Input material: Begin
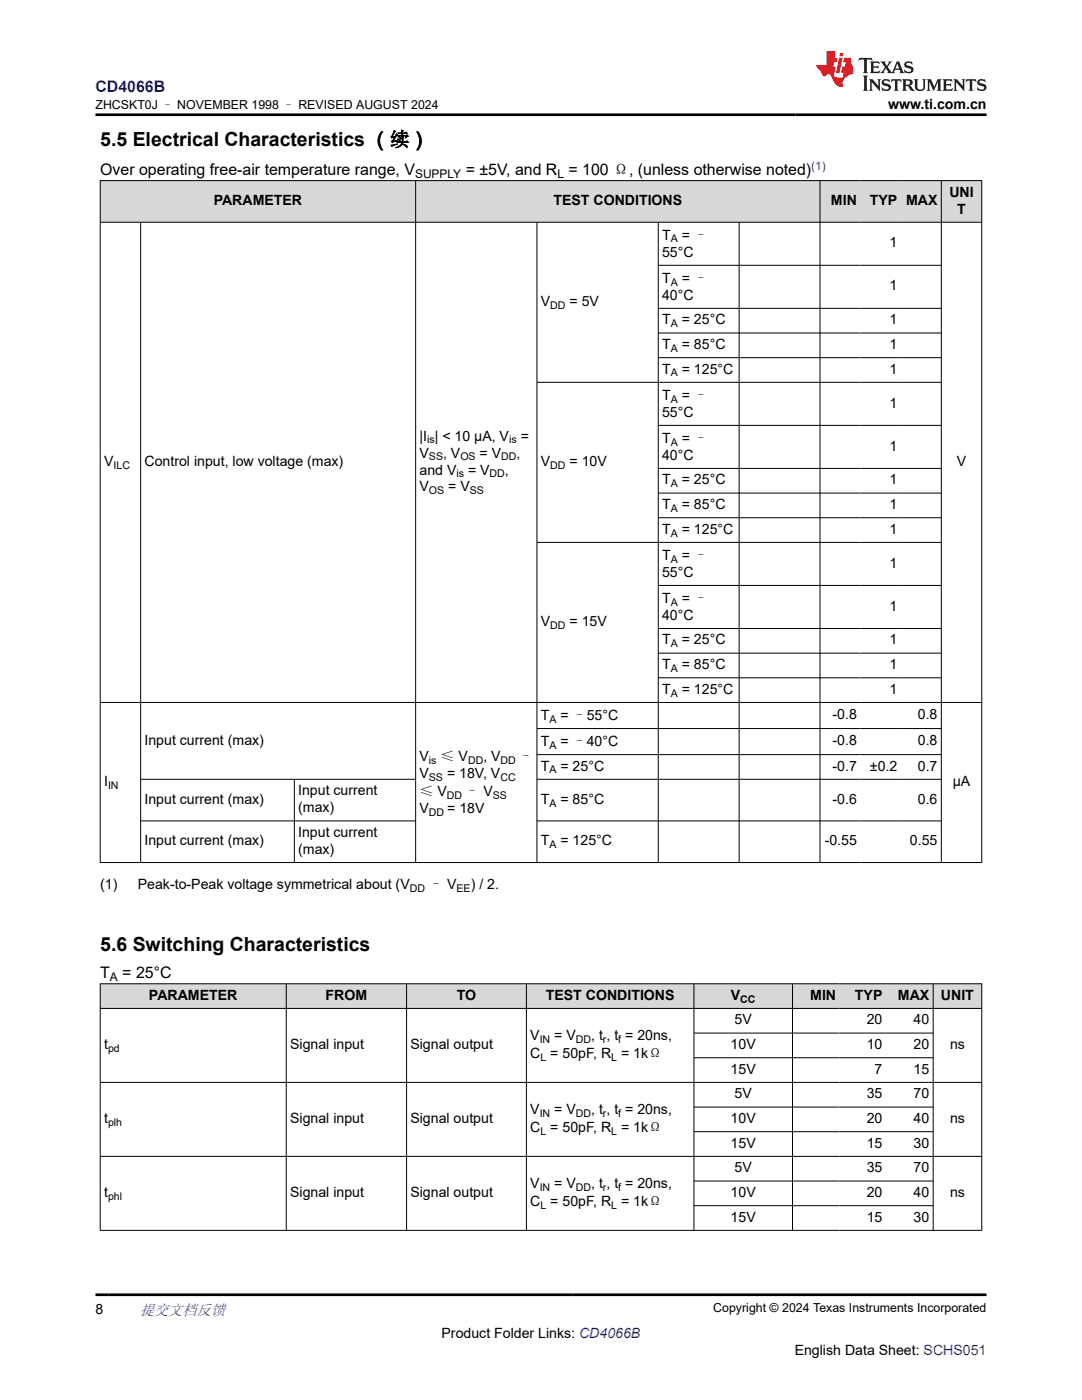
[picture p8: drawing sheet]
<svg xmlns="http://www.w3.org/2000/svg" width="216mm" height="279mm" viewBox="0 0 216 279" stroke-linecap="round" stroke-linejoin="round" font-family="sans-serif">
<g fill="#d8d8d8">
<path d="M20 36h175.9v8.4h-175.9z" fill-rule="evenodd"/>
<path d="M20.1 36.1h62.8v8.2h-62.8z" fill-rule="evenodd"/>
<path d="M83 36.1h80.6v8.2h-80.6z" fill-rule="evenodd"/>
<path d="M163.7 36.1h8v8.2h-8z" fill-rule="evenodd"/>
<path d="M171.7 36.1h8.1v8.2h-8.1z" fill-rule="evenodd"/>
<path d="M179.8 36.1h8v8.2h-8z" fill-rule="evenodd"/>
<path d="M187.9 36.1h7.9v8.2h-7.9z" fill-rule="evenodd"/>
</g>
<g fill="none" stroke="#000" stroke-width=".2">
<path d="M19.9 36h176.1M20 36v136.2M82.9 36v136.2M163.6 36v136.2M187.8 36v136.2M195.9 36v136.2M19.9 44.4h176.1M28.1 44.4v127.8M107.1 44.4v127.8M131.3 44.4v127.8M131.3 52.9h56.6M147.5 44.4v127.8"/>
<path d="M107.1 76.3h80.8M131.3 61.5h56.6M131.3 66.5h56.6M131.3 71.4h56.6M131.3 84.9h56.6M131.3 93.5h56.6M131.3 98.4h56.6M107.1 108.2h80.8M131.3 103.3h56.6M131.3 116.8h56.6M131.3 125.4h56.6M131.3 130.4h56.6"/>
<path d="M131.3 135.3h56.6M19.9 140.2h176.1M28.1 155.5h54.9M58.7 155.5v16.7M107.1 155.5h80.8M107.1 145.4h80.8M107.1 150.6h80.8M19.9 172.1h176.1M28.1 163.8h54.9M107.1 163.8h80.8"/>
</g>
<g fill="#d8d8d8">
<path d="M20 196.3h175.9v5h-175.9z" fill-rule="evenodd"/>
<path d="M20.1 196.4h37v4.8h-37z" fill-rule="evenodd"/>
<path d="M57.2 196.4h23.9v4.8h-23.9z" fill-rule="evenodd"/>
<path d="M81.2 196.4h23.8v4.8h-23.8z" fill-rule="evenodd"/>
<path d="M105.1 196.4h33.3v4.8h-33.3z" fill-rule="evenodd"/>
<path d="M138.5 196.4h19.6v4.8h-19.6z" fill-rule="evenodd"/>
<path d="M158.2 196.4h9.4v4.8h-9.4z" fill-rule="evenodd"/>
<path d="M167.6 196.4h9.2v4.8h-9.2z" fill-rule="evenodd"/>
<path d="M176.8 196.4h9.3v4.8h-9.3z" fill-rule="evenodd"/>
<path d="M186.3 196.4h9.5v4.8h-9.5z" fill-rule="evenodd"/>
</g>
<g fill="none" stroke="#000" stroke-width=".2">
<path d="M19.9 196.3h176.1M20 196.3v49.3M57.1 196.3v49.3M81.1 196.3v49.3M105 196.3v49.3M138.5 196.3v49.3M158.1 196.3v49.3M186.2 196.3v49.3M195.9 196.3v49.3M19.9 201.3h176.1M19.9 216h176.1M138.5 206.2h47.8"/>
<path d="M138.5 211.1h47.8M19.9 230.8h176.1M138.5 220.9h47.8M138.5 225.9h47.8M138.5 235.7h47.8M19.9 245.5h176.1M138.5 240.6h47.8"/>
</g>
<path d="M171.5 11.6l-.2 .5 .5-.2h.6v.1v2.2l-.2 .4h1l-.2-.4v-2.2v-.1h.5l.6 .2-.2-.5zM173.6 12.3l.2 .4v1.5l-.2 .4h1.9l.1-.6a1.08 1.08 0 0 1-1.3 .2v-.7h.6l.4 .2v-.7l-.4 .2h-.6v-.5l.2-.2a1 1 0 0 1 1 .3l-.1-.5zM175.7 12.3l.9 1.1-1 1.2h.9l-.2-.2 .5-.8 .4 .8-.2 .2h1.6l-.2-.2 .2-.5h.9l.1 .5-.1 .2h.9l-.2-.3-.8-2h-.5l-.9 2.2-.9-1.1 .9-1.1h-.8l.2 .2-.4 .6-.4-.6 .2-.2zM179 12.7l.4 1h-.7zM180.7 12.4a.65 .65 0 0 0-.2 .7 .65 .65 0 0 0 .6 .5l.6 .1 .1 .3a.79 .79 0 0 1-.7 .4 .79 .79 0 0 1-.7-.5l.1 .7 .2-.1a.93 .93 0 0 0 1.1 .1 .93 .93 0 0 0 .4-1 1.46 1.46 0 0 0-1.2-.6l-.1-.3a1.09 1.09 0 0 1 1.2 .2l-.2-.6-.1 .1-.5-.2zM172.2 15.1l.2 .4v2.2l-.2 .4h1l-.2-.4v-2.2l.2-.4zM173.4 15.8l.2 .4v1.5l-.2 .4h.8l-.3-.4 .1-1.3 1.6 1.8v-2l.2-.4h-.7l.1 .2 .1 1.1-1.2-1.3zM176.2 15.9a.65 .65 0 0 0-.2 .8 .65 .65 0 0 0 .6 .4l.6 .2 .1 .2a.79 .79 0 0 1-.7 .4 .79 .79 0 0 1-.7-.5l.1 .7 .2-.1a.93 .93 0 0 0 1.1 .1 .93 .93 0 0 0 .4-.9 1.46 1.46 0 0 0-1.2-.6l-.1-.4a1.09 1.09 0 0 1 1.2 .2l-.1-.6-.2 .1-.5-.1zM177.9 15.8l-.1 .6a.63 .63 0 0 1 .8-.3v1.6l-.3 .4h1l-.2-.4v-1.6a.66 .66 0 0 1 .8 .3l-.1-.6zM180 15.8l.2 .4v1.5l-.2 .4h1l-.2-.2-.1-.7h.5l.1 .2a.79 .79 0 0 0 1.2 .6l-1-.9a.61 .61 0 0 0 .6-.6 .61 .61 0 0 0-.5-.7zM180.8 16.1h.1a.47 .47 0 0 1 .5 .1 .47 .47 0 0 1 .1 .5l-.1 .1-.7 .1zM182.3 15.8l.2 .2a2.27 2.27 0 0 0 .4 2 1.04 1.04 0 0 0 1.7-.7v-1.3l.2-.2h-.8l.2 .4v1.1a.6 .6 0 0 1-.6 .6 .6 .6 0 0 1-.6-.6v-1.1l.3-.4zM184.9 15.8l.2 .4v1.5l-.2 .4h.8l-.3-.4v-1.4l.9 1.9 .9-1.9v1.4l-.3 .4h1l-.2-.4v-1.5l.2-.4h-.8l-.7 1.5-.6-1.5zM188.1 15.8l.2 .4v1.5l-.2 .4h1.9l.1-.6a1.09 1.09 0 0 1-1.3 .2v-.7h.6l.4 .2v-.6l-.4 .2h-.6v-.6l.2-.1a1.01 1.01 0 0 1 1 .3l-.1-.6zM190.2 15.8l.3 .4v1.5l-.3 .4h.8l-.2-.4v-1.3l1.6 1.8v-2l.2-.4h-.7l.2 .2v1.1l-1.2-1.3zM192.8 15.8l-.1 .6a.63 .63 0 0 1 .8-.3v1.6l-.3 .4h1l-.2-.4v-1.6a.66 .66 0 0 1 .8 .3l-.1-.6zM195.2 15.9a.65 .65 0 0 0-.2 .8 .65 .65 0 0 0 .6 .4l.6 .2 .2 .2a.79 .79 0 0 1-.7 .4 .79 .79 0 0 1-.7-.5l.1 .7 .2-.1a.93 .93 0 0 0 1 .1 .93 .93 0 0 0 .5-.9 1.46 1.46 0 0 0-1.3-.6v-.4a1.09 1.09 0 0 1 1.2 .2l-.2-.6-.2 .1-.5-.1z" fill="#231f20"/>
<path d="M164.9 10.2v2.8h-2l.1 .3 .8 1a.95 .95 0 0 0 1 .9 .59 .59 0 0 1 .5-.4 .59 .59 0 0 1 .5 .4l.4 .7a1.59 1.59 0 0 0 2.1 1.4 1.61 1.61 0 0 1 1-2.3l1-.3-.1-1.5a1.59 1.59 0 0 1-.3-1.7h-1.5l-.2 .9h.6l-.2 .9h-.5l-.2 1v.2l.4 .1-.1 .9h-.7a.73 .73 0 0 1-1-.7l.3-1.5h-.5l.1-.9h.5l.2-.9h-.5v-1.3zM167.4 11.5l-.6 3.1h.7l.6-3.1zM167.6 10.6l-.1 .6h.7l.1-.6z" fill="#ed1c24"/>
<path d="M19.1 22.9h177.8M19.1 258.4h177.8" fill="none" stroke="#000" stroke-width=".53"/>
<g font-size="3.9">
<text x="20" y="29.1">5.5 Electrical Characteristics （续）</text>
<text x="20" y="189.7">5.6 Switching Characteristics</text>
</g>
<text font-size="3.2" fill="#00f" x="19.1" y="18.3">CD4066B</text>
<g font-size="3.2">
<text x="20" y="34.9">Over operating free-air temperature range, V</text>
<text x="92.9" y="34.9">= ±5V, and R = 100 Ω, (unless otherwise noted)</text>
<text x="20" y="195.2">T</text>
<text x="24.4" y="195.2">= 25°C</text>
</g>
<text font-size="3" fill="#00f" x="27.9" y="262.4">提交文档反馈</text>
<g font-size="2.8">
<text x="177.2" y="21.7">www.ti.com.cn</text>
<text x="42.6" y="40.9">PARAMETER</text>
<text x="110.4" y="40.9">TEST CONDITIONS</text>
<text x="165.8" y="40.9">MIN</text>
<text x="173.6" y="40.9">TYP</text>
<text x="180.8" y="40.9">MAX</text>
<text x="189.4" y="39.2">UNI</text>
<text x="132.1" y="47.8">T</text>
<text x="136" y="47.8">= –</text>
<text x="191" y="42.6">T</text>
<text x="132.1" y="51.2">55°C</text>
<text x="177.5" y="49.4">1</text>
<text x="132.1" y="56.4">T</text>
<text x="132.1" y="59.8">40°C</text>
<text x="136" y="56.4">= –</text>
<text x="177.5" y="58">1</text>
<text x="107.9" y="61.1">V</text>
<text x="113.6" y="61.1">= 5V</text>
<text x="132.1" y="64.7">T</text>
<text x="136" y="64.7">= 25°C</text>
<text x="177.5" y="64.7">1</text>
<text x="132.1" y="69.7">T</text>
<text x="136" y="69.7">= 85°C</text>
<text x="177.5" y="69.7">1</text>
<text x="132.1" y="74.6">T</text>
<text x="136" y="74.6">= 125°C</text>
<text x="177.5" y="74.6">1</text>
<text x="132.1" y="79.8">T</text>
<text x="132.1" y="83.2">55°C</text>
<text x="136" y="79.8">= –</text>
<text x="177.5" y="81.3">1</text>
<text x="83.7" y="87.9">|I | &lt; 10 µA, V</text>
<text x="103.9" y="87.9">=</text>
<text x="132.1" y="88.4">T</text>
<text x="136" y="88.4">= –</text>
<text x="177.5" y="89.9">1</text>
<text x="20.8" y="93">V</text>
<text x="28.8" y="93">Control input, low voltage (max)</text>
<text x="83.7" y="94.7">and V</text>
<text x="83.7" y="91.3">V</text>
<text x="88.4" y="91.3">, V</text>
<text x="93.4" y="94.7">= V</text>
<text x="95.7" y="91.3">= V</text>
<text x="100.8" y="94.7">,</text>
<text x="103.1" y="91.3">,</text>
<text x="107.9" y="93">V</text>
<text x="113.6" y="93">= 10V</text>
<text x="132.1" y="91.8">40°C</text>
<text x="190.9" y="93">V</text>
<text x="83.7" y="98.1">V</text>
<text x="89.4" y="98.1">= V</text>
<text x="132.1" y="96.7">T</text>
<text x="132.1" y="101.6">T</text>
<text x="136" y="96.7">= 25°C</text>
<text x="136" y="101.6">= 85°C</text>
<text x="177.5" y="96.7">1</text>
<text x="177.5" y="101.6">1</text>
<text x="132.1" y="106.5">T</text>
<text x="136" y="106.5">= 125°C</text>
<text x="177.5" y="106.5">1</text>
<text x="132.1" y="111.7">T</text>
<text x="136" y="111.7">= –</text>
<text x="177.5" y="113.3">1</text>
<text x="132.1" y="115.1">55°C</text>
<text x="107.9" y="125">V</text>
<text x="113.6" y="125">= 15V</text>
<text x="132.1" y="120.3">T</text>
<text x="132.1" y="123.7">40°C</text>
<text x="136" y="120.3">= –</text>
<text x="177.5" y="121.9">1</text>
<text x="132.1" y="128.6">T</text>
<text x="136" y="128.6">= 25°C</text>
<text x="177.5" y="128.6">1</text>
<text x="132.1" y="133.5">T</text>
<text x="136" y="133.5">= 85°C</text>
<text x="177.5" y="133.5">1</text>
<text x="107.9" y="143.7">T</text>
<text x="111.8" y="143.7">= –55°C</text>
<text x="132.1" y="138.5">T</text>
<text x="136" y="138.5">= 125°C</text>
<text x="166.1" y="143.5">-0.8</text>
<text x="177.5" y="138.5">1</text>
<text x="183.1" y="143.5">0.8</text>
<text x="28.8" y="148.6">Input current (max)</text>
<text x="107.9" y="148.9">T</text>
<text x="111.8" y="148.9">= –40°C</text>
<text x="166.1" y="148.7">-0.8</text>
<text x="183.1" y="148.7">0.8</text>
<text x="83.7" y="151.8">V</text>
<text x="83.7" y="155.2">V</text>
<text x="87.9" y="151.8">≤ V</text>
<text x="89.2" y="155.2">= 18V, V</text>
<text x="96.4" y="151.8">, V</text>
<text x="103.5" y="151.8">–</text>
<text x="107.9" y="153.8">T</text>
<text x="111.8" y="153.8">= 25°C</text>
<text x="166.1" y="153.8">-0.7</text>
<text x="173.6" y="153.8">±0.2</text>
<text x="183.1" y="153.8">0.7</text>
<text x="20.8" y="156.9">I</text>
<text x="28.8" y="160.4">Input current (max)</text>
<text x="59.5" y="158.7">Input current</text>
<text x="83.7" y="158.9">≤ V</text>
<text x="92.8" y="158.9">– V</text>
<text x="107.9" y="160.4">T</text>
<text x="111.8" y="160.4">= 85°C</text>
<text x="166.1" y="160.4">-0.6</text>
<text x="183.1" y="160.4">0.6</text>
<text x="190.1" y="156.9">µA</text>
<text x="59.5" y="162.1">(max)</text>
<text x="59.5" y="167">Input current</text>
<text x="83.7" y="162.3">V</text>
<text x="89.2" y="162.3">= 18V</text>
<text x="28.8" y="168.7">Input current (max)</text>
<text x="59.5" y="170.4">(max)</text>
<text x="107.9" y="168.7">T</text>
<text x="111.8" y="168.7">= 125°C</text>
<text x="164.6" y="168.7">-0.55</text>
<text x="181.6" y="168.7">0.55</text>
<text x="20" y="177.5">(1)</text>
<text x="27.5" y="177.5">Peak-to-Peak voltage symmetrical about (V</text>
<text x="85.6" y="177.5">– V</text>
<text x="93.9" y="177.5">) / 2.</text>
<text x="29.7" y="199.5">PARAMETER</text>
<text x="65" y="199.5">FROM</text>
<text x="91.2" y="199.5">TO</text>
<text x="108.9" y="199.5">TEST CONDITIONS</text>
<text x="145.8" y="199.5">V</text>
<text x="161.7" y="199.5">MIN</text>
<text x="170.6" y="199.5">TYP</text>
<text x="179.2" y="199.5">MAX</text>
<text x="187.8" y="199.5">UNIT</text>
<text x="20.8" y="209.4">t</text>
<text x="57.9" y="209.4">Signal input</text>
<text x="81.9" y="209.4">Signal output</text>
<text x="105.8" y="207.5">V</text>
<text x="110.6" y="207.5">= V</text>
<text x="118" y="207.5">, t , t = 20ns,</text>
<text x="145.8" y="209.4">10V</text>
<text x="146.6" y="204.4">5V</text>
<text x="172.9" y="204.4">20</text>
<text x="172.9" y="209.4">10</text>
<text x="182.3" y="204.4">40</text>
<text x="182.3" y="209.4">20</text>
<text x="189.6" y="209.4">ns</text>
<text x="105.8" y="211.2">C = 50pF, R = 1kΩ</text>
<text x="145.8" y="214.3">15V</text>
<text x="174.5" y="214.3">7</text>
<text x="182.3" y="214.3">15</text>
<text x="146.6" y="219.2">5V</text>
<text x="172.9" y="219.2">35</text>
<text x="182.3" y="219.2">70</text>
<text x="20.8" y="224.1">t</text>
<text x="57.9" y="224.1">Signal input</text>
<text x="81.9" y="224.1">Signal output</text>
<text x="105.8" y="226">C = 50pF, R = 1kΩ</text>
<text x="105.8" y="222.3">V</text>
<text x="110.6" y="222.3">= V</text>
<text x="118" y="222.3">, t , t = 20ns,</text>
<text x="145.8" y="224.1">10V</text>
<text x="172.9" y="224.1">20</text>
<text x="182.3" y="224.1">40</text>
<text x="189.6" y="224.1">ns</text>
<text x="145.8" y="229.1">15V</text>
<text x="146.6" y="234">5V</text>
<text x="172.9" y="229.1">15</text>
<text x="172.9" y="234">35</text>
<text x="182.3" y="229.1">30</text>
<text x="182.3" y="234">70</text>
<text x="20.8" y="238.9">t</text>
<text x="57.9" y="238.9">Signal input</text>
<text x="81.9" y="238.9">Signal output</text>
<text x="105.8" y="237.1">V</text>
<text x="110.6" y="237.1">= V</text>
<text x="118" y="237.1">, t , t = 20ns,</text>
<text x="145.8" y="238.9">10V</text>
<text x="172.9" y="238.9">20</text>
<text x="182.3" y="238.9">40</text>
<text x="189.6" y="238.9">ns</text>
<text x="105.8" y="240.7">C = 50pF, R = 1kΩ</text>
<text x="145.8" y="243.8">15V</text>
<text x="172.9" y="243.8">15</text>
<text x="182.3" y="243.8">30</text>
<text x="19.1" y="262.1">8</text>
<text x="88.1" y="266.9">Product Folder Links: CD4066B</text>
<text x="158.6" y="270.3">English Data Sheet: SCHS051</text>
</g>
<g font-size="2.5">
<text x="19.1" y="21.8">ZHCSKT0J – NOVEMBER 1998 – REVISED AUGUST 2024</text>
<text x="142.3" y="261.8">Copyright © 2024 Texas Instruments Incorporated</text>
</g>
<g font-size="2.4">
<text x="82.8" y="35.5">SUPPLY</text>
<text x="111.2" y="35.5">L</text>
<text x="21.9" y="195.8">A</text>
</g>
<text font-size="2.4" fill="#00f" x="161.9" y="33.8">(1)</text>
<g font-size="2.1">
<text x="133.8" y="48.4">A</text>
<text x="133.8" y="57">A</text>
<text x="109.8" y="61.6">DD</text>
<text x="133.8" y="65.3">A</text>
<text x="133.8" y="70.2">A</text>
<text x="133.8" y="75.1">A</text>
<text x="133.8" y="80.3">A</text>
<text x="85.2" y="88.5">is</text>
<text x="101.6" y="88.5">is</text>
<text x="133.8" y="88.9">A</text>
<text x="22.6" y="93.6">ILC</text>
<text x="85.6" y="91.9">SS</text>
<text x="91.1" y="95.3">is</text>
<text x="91.9" y="91.9">OS</text>
<text x="97.7" y="95.3">DD</text>
<text x="100" y="91.9">DD</text>
<text x="109.8" y="93.6">DD</text>
<text x="85.6" y="98.6">OS</text>
<text x="93.7" y="98.6">SS</text>
<text x="133.8" y="97.2">A</text>
<text x="133.8" y="102.2">A</text>
<text x="133.8" y="107.1">A</text>
<text x="133.8" y="112.3">A</text>
<text x="109.8" y="125.5">DD</text>
<text x="133.8" y="120.9">A</text>
<text x="133.8" y="129.2">A</text>
<text x="133.8" y="134.1">A</text>
<text x="133.8" y="139">A</text>
<text x="109.6" y="144.2">A</text>
<text x="109.6" y="149.4">A</text>
<text x="85.6" y="152.4">is</text>
<text x="85.6" y="155.8">SS</text>
<text x="93.4" y="152.4">DD</text>
<text x="99.8" y="155.8">CC</text>
<text x="99.9" y="152.4">DD</text>
<text x="109.6" y="154.4">A</text>
<text x="21.6" y="157.5">IN</text>
<text x="89.2" y="159.4">DD</text>
<text x="98.3" y="159.4">SS</text>
<text x="109.6" y="161">A</text>
<text x="85.6" y="162.8">DD</text>
<text x="109.6" y="169.3">A</text>
<text x="81.8" y="178.1">DD</text>
<text x="91.1" y="178.1">EE</text>
<text x="147.7" y="200.1">CC</text>
<text x="21.6" y="209.9">pd</text>
<text x="107.7" y="208.1">IN</text>
<text x="114.9" y="208.1">DD</text>
<text x="120.3" y="208.1">r</text>
<text x="123.4" y="208.1">f</text>
<text x="107.8" y="211.8">L</text>
<text x="122" y="211.8">L</text>
<text x="21.6" y="224.7">plh</text>
<text x="107.7" y="222.9">IN</text>
<text x="107.8" y="226.5">L</text>
<text x="114.9" y="222.9">DD</text>
<text x="120.3" y="222.9">r</text>
<text x="122" y="226.5">L</text>
<text x="123.4" y="222.9">f</text>
<text x="21.6" y="239.5">phl</text>
<text x="107.7" y="237.6">IN</text>
<text x="114.9" y="237.6">DD</text>
<text x="120.3" y="237.6">r</text>
<text x="123.4" y="237.6">f</text>
<text x="107.8" y="241.3">L</text>
<text x="122" y="241.3">L</text>
</g>
</svg>
Input material: End
Exercise instructions » Find the lines that mention "TEST" in the entries and show them.

Exercise solution »
<text x="110.4" y="40.9">TEST CONDITIONS</text>
<text x="108.9" y="199.5">TEST CONDITIONS</text>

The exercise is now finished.